As an exercise, I'm creating a simple API that allows users to provide a search term to retrieve links to appropriate news articles across a collection of resources. The relevent function and the route handler that uses the function is as follows:
function GetArticles(searchTerm) {
const articles = [];
//Loop through each resource
resources.forEach(async resource => {
const result = await axios.get(resource.address);
const html = result.data;
//Use Cheerio: load the html document and create Cheerio selector/API
const $ = cheerio.load(html);
//Filter html to retrieve appropriate links
$(`a:contains(${searchTerm})`, html).each((i, el) => {
const title = $(el).text();
let url = $(el).attr('href');
articles.push(
{
title: title,
url: url,
source: resource.name
}
);
})
})
return articles; //Empty array is returned
}
And the route handler that uses the function:
app.get('/news/:searchTerm', async (req, res) => {
const searchTerm = req.params.searchTerm;
const articles = await GetArticles(searchTerm);
res.json(articles);
})
The problem I'm getting is that the returned "articles" array is empty. However, if I'm not "looping over each resource" as commented in the beginning of GetArticles, but instead perform the main logic on just a single "resource", "articles" is returned with the requested data and is not empty. In other words, if the function is the following:
async function GetArticles(searchTerm) {
const articles = [];
const result = await axios.get(resources[0].address);
const html = result.data;
const $ = cheerio.load(html);
$(`a:contains(${searchTerm})`, html).each((i, el) => {
const title = $(el).text();
let url = $(el).attr('href');
articles.push(
{
title: title,
url: url,
source: resources[0].name
}
);
})
return articles; //Populated array
}
Then "articles" is not empty, as intended.

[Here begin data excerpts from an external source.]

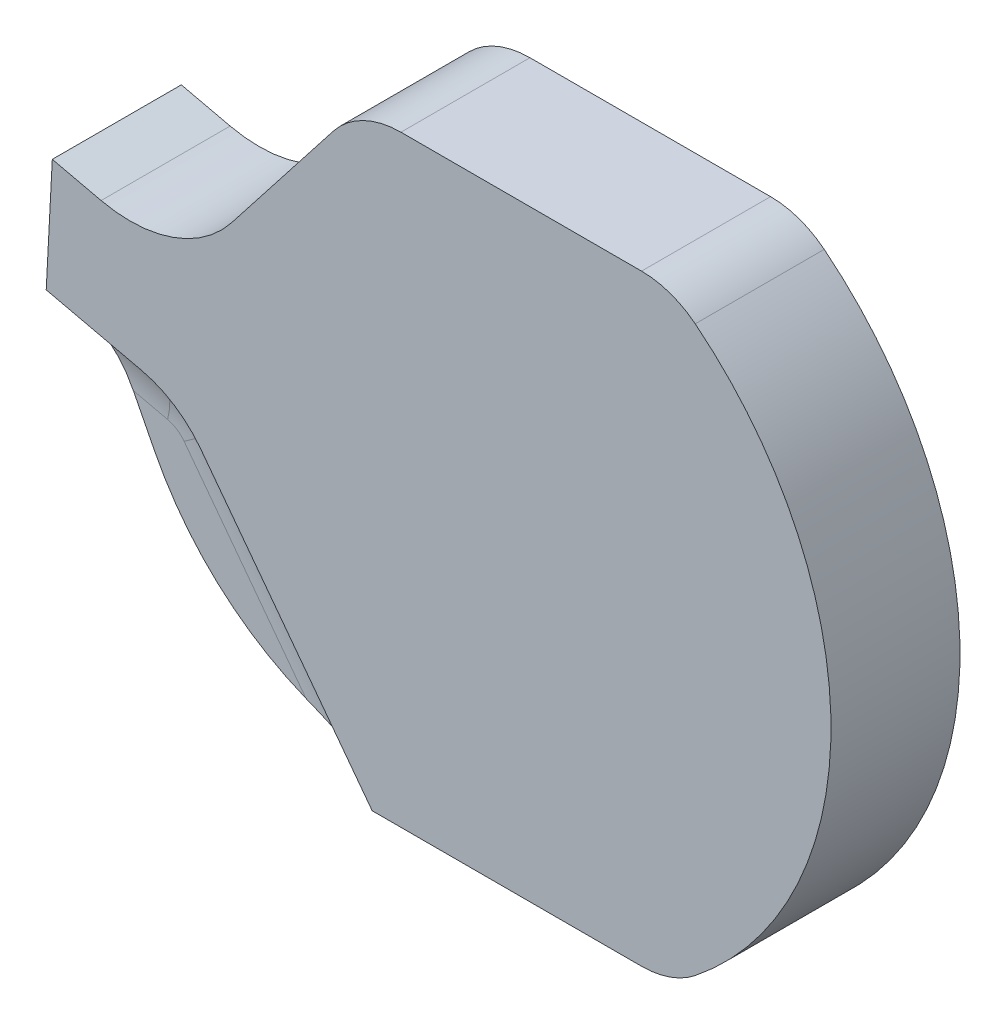
SolidWorks part; units mm, degrees
material "AISI 4340 Aço, normalizado"
ref_plane "Plano frontal" through (0, 0, 0) normal (0, 0, 1) x (1, 0, 0)
ref_plane "Plano superior" through (0, 0, 0) normal (0, 1, 0) x (1, 0, 0)
ref_plane "Plano direito" through (0, 0, 0) normal (1, 0, 0) x (0, 0, -1)
other "Center of Mass"
sketch "Sketch2" plane through (0, 0, 0) normal (0, 0, 1) x (1, 0, 0)
  line L0 (0, 0) -> (-50, 0) construction
  line L1 (-42.8615, 10.6893) -> (-48.5386, 12)
  line L2 (0, 0) -> (-49.5134, 6.9587) construction
  line L5 (-8, 35) -> (19.975, 35)
  line L6 (0, 0) -> (0, 41.2714) construction
  line L8 (-15.8801, 31.1566) -> (-27.6671, 16.07)
  line L14 (-8, -35) -> (19.975, -35)
  line L18 (-8, -35) -> (-11.3418, -35)
  line L19 (-48.5386, 12) -> (-49.2461, -1.5)
  line L20 (-49.0491, 9.7888) -> (-47.3436, 17.1762) construction
  line L22 (-49.2461, -1.5) -> (-41.636, -16.4357)
  circle A0 centre (0, 0) radius 50 construction
  arc A1 (26.2172, 32.8125) -> (26.2172, -32.8125) centre (0, 0) cw
  arc A5 (19.975, 35) -> (26.2172, 32.8125) centre (19.975, 25) cw
  arc A6 (-8, 35) -> (-15.8801, 31.1566) centre (-8, 25) ccw
  arc A12 (19.975, -35) -> (26.2172, -32.8125) centre (19.975, -25) ccw
  arc A17 (-41.636, -16.4357) -> (-11.3418, -35) centre (-11.3418, -1) ccw
  arc A18 (-42.8615, 10.6893) -> (-27.6671, 16.07) centre (-39.4873, 25.3049) ccw
  point P29 (-50, 0)
  point P31 (23.2164, 35)
  point P32 (-12.8773, 35)
  dimension "D1" = 100
  dimension "D4" = 10
  dimension "D5" = 15
  dimension "D13" = 34
  dimension "D10" = 35
  dimension "D11" = 8
  dimension "D2" = 5
  dimension "D3" = 10
  dimension "D7" = 38
  dimension "D8" = 77
  dimension "D6" = 8
  dimension "D12" = 30
  dimension "D9" = 12
  dimension "D14" = 13.5
extrude "Boss-Extrude1" add sketch "Sketch2" along normal blind 15 contours L5 A5 A1 A12 L14 L18 A17 L22 L19 L1 A18 L8 A6
sketch "Esboço4" plane through (0, 0, 0) normal (0, 0, -1) x (-1, 0, 0)
  line L0 (49.2461, -1.5) -> (38.1752, -4.0559)
  line L1 (31.291, -8.5266) -> (11.3418, -35)
  line L2 (15.8801, 31.1566) -> (27.6671, 16.07) construction
  line L3 (42.8615, 10.6893) -> (48.5386, 12) construction
  line L4 (49.2461, -1.5) -> (41.636, -16.4357) construction
  line L5 (49.2461, -1.5) -> (41.636, -16.4357)
  arc A0 (11.3418, -35) -> (41.636, -16.4357) centre (11.3418, -1) ccw construction
  arc A1 (11.3418, -35) -> (41.636, -16.4357) centre (11.3418, -1) ccw
  arc A2 (38.1752, -4.0559) -> (31.291, -8.5266) centre (40.8746, -15.7484) ccw
  dimension "D2" = 12
  dimension "D1" = 105
extrude "Corte-extrusão1" cut sketch "Esboço4" against normal blind 5
extrude "Corte-extrusão2" cut sketch "Esboço4<2>" along normal blind 5 from surface starting at face at (-11.5758, 3.867, 15)
sketch "Esboço4<2>" plane through (0, 0, 0) normal (0, 0, -1) x (-1, 0, 0) same geometry as "Esboço4"
fillet "Filete1" radius 10 6 edges at (-21.3164, -21.7633, 10) (-43.7107, -2.778, 10) (-43.7107, -2.778, 5) (-21.3164, -21.7633, 5) (-34.3389, -5.6843, 10) (-34.3389, -5.6843, 5)
other "Ponto de referência do centro da massa1"
ref_plane "Plano2" through (0, -0.5025, 0) normal (0, 1, 0) x (1, 0, 0)
ref_plane "Plano3" through (1.5654, 0, 0) normal (1, 0, 0) x (0, 0, -1)
sketch "Esboço2" plane through (0, 0, 0) normal (0, 0, -1) x (-1, 0, 0)
  line L0 (8.25, -0.5025) -> (-8.25, -0.5025) construction
  line L1 (3.6299, 21.2463) -> (18.9508, 8.3905)
  line L2 (-10.4584, 20.0137) -> (-23.3142, 4.6928)
  line L3 (-22.0816, -9.3955) -> (-6.7607, -22.2512)
  line L4 (20.1834, -5.6978) -> (7.3276, -21.0187)
  line L5 (-4.0305, 27.6742) -> (0.8997, -28.6791) construction
  line L6 (-29.7421, -2.9676) -> (26.6112, 1.9627) construction
  line L7 (-1.5654, 8.25) -> (-1.5654, -8.25) construction
  line L10 (-2.503, -0.5025) -> (81.0211, -0.5025) construction
  circle A0 centre (-1.5654, -0.5025) radius 11
  arc A2 (3.6299, 21.2463) -> (-10.4584, 20.0137) centre (-2.798, 13.5858) ccw
  arc A3 (18.9508, 8.3905) -> (20.1834, -5.6978) centre (12.5229, 0.7301) cw
  arc A4 (-6.7607, -22.2512) -> (7.3276, -21.0187) centre (-0.3328, -14.5908) ccw
  arc A5 (-23.3142, 4.6928) -> (-22.0816, -9.3955) centre (-15.6537, -1.735) ccw
  dimension "D1" = 10
  dimension "D2" = 22
  dimension "D3" = 40
  dimension "D4" = 5
equation "\"escala\" = 1                        'projeto - escala geral"
equation "\"escala_disco-arma\"= \"escala\" * 1   'disco arma - escala geometria disco arma"
equation "\"rolamento_D-ext\"= 1                'rolamento arma - diametro externo"
equation "\"rolamento_d-int\"= 1                'rolamento arma - diametro interno"
equation "\"rolamento_b-esp\"= 1                'rolamento arma - espessura"
equation "\"arma_rebaixo-camisa_b\"= 1          'disco arma - profundidade rebaixo camisa"
equation "\"arma_dente_altura-centro\"= 20"
equation "\"arma-espessura\"= 15                'disco arma - espessura disco arma"
equation "\"D1@Boss-Extrude1\"=\"arma-espessura\""
equation "\"eixo_diam\"= 18                     'eixo arma - diametro"
equation "\"D2@Esboço2\" = \"eixo_diam\" + \"arma_eixo-furo_folga\""
equation "\"camisa_largura\"=40                 'camisa arma - tamanho do lado"
equation "\"D3@Esboço2\"=\"camisa_largura\""
equation "\"camisa_raio\"=10                    'camisa arma - raio canto interno"
equation "\"D1@Esboço2\"=\"camisa_raio\""
equation "\"arma_alivio_raio\"=12"
equation "\"D2@Esboço4\"= \"arma_alivio_raio\""
equation "\"arma_diam_max\"=100"
equation "\"D1@Sketch2\" = \"arma_diam_max\""
equation "\"arma_arestas_raio\"= 10"
equation "\"D4@Sketch2\" = \"arma_arestas_raio\""
equation "\"arma_altura_superior-centro\"=35"
equation "\"D10@Sketch2\" = \"arma_altura_superior-centro\""
equation "\"arma_dente_raio\"= 15"
equation "\"D5@Sketch2\" = \"arma_dente_raio\""
equation "\"arma_altura_dente-centro\"=12"
equation "\"D9@Sketch2\"=\"arma_altura_dente-centro\""
equation "\"arma_dente_altura\"=13.5"
equation "\"D14@Sketch2\"=\"arma_dente_altura\""
equation "\"arma_alivio-dente_raio\"=34"
equation "\"D13@Sketch2\"=\"arma_alivio-dente_raio\""
equation "\"arma_traseira_offset\"=8"
equation "\"D11@Sketch2\" = \"arma_traseira_offset\""
equation "\"arma_centralizacao_offset\"=8"
equation "\"D6@Sketch2\"=\"arma_centralizacao_offset\""
equation "\"arma_eixo-furo_folga\" = 4          'arma - folga entre furo arma e eixo"

I'm sure this has to do with how I'm dealing with the asynchronous nature of the code. I've tried refreshing my knowledge of asynchronous programming in JS but I still can't quite fix the function. Clearly, the "articles" array is being returned before it's populated, but how?
Could someone please help explain why my GetArticles function works with a single "resource" but not when looping over an array of "resources"?
CodePudding user response:
Try this
function GetArticles(searchTerm) {
return Promise.all(resources.map(resource => axios.get(resource.address))
.then(responses => responses.flatMap(result => {
const html = result.data;
//Use Cheerio: load the html document and create Cheerio selector/API
const $ = cheerio.load(html);
let articles = []
//Filter html to retrieve appropriate links
$(`a:contains(${searchTerm})`, html).each((i, el) => {
const title = $(el).text();
let url = $(el).attr('href');
articles.push(
{
title: title,
url: url,
source: resource.name
}
);
})
return articles;
}))
}
The problem in your implementation was here
resources.forEach(async resource...
You have defined your function async but when result.foreach get executed and launch your async functions it doesn't wait.
So your array will always be empty.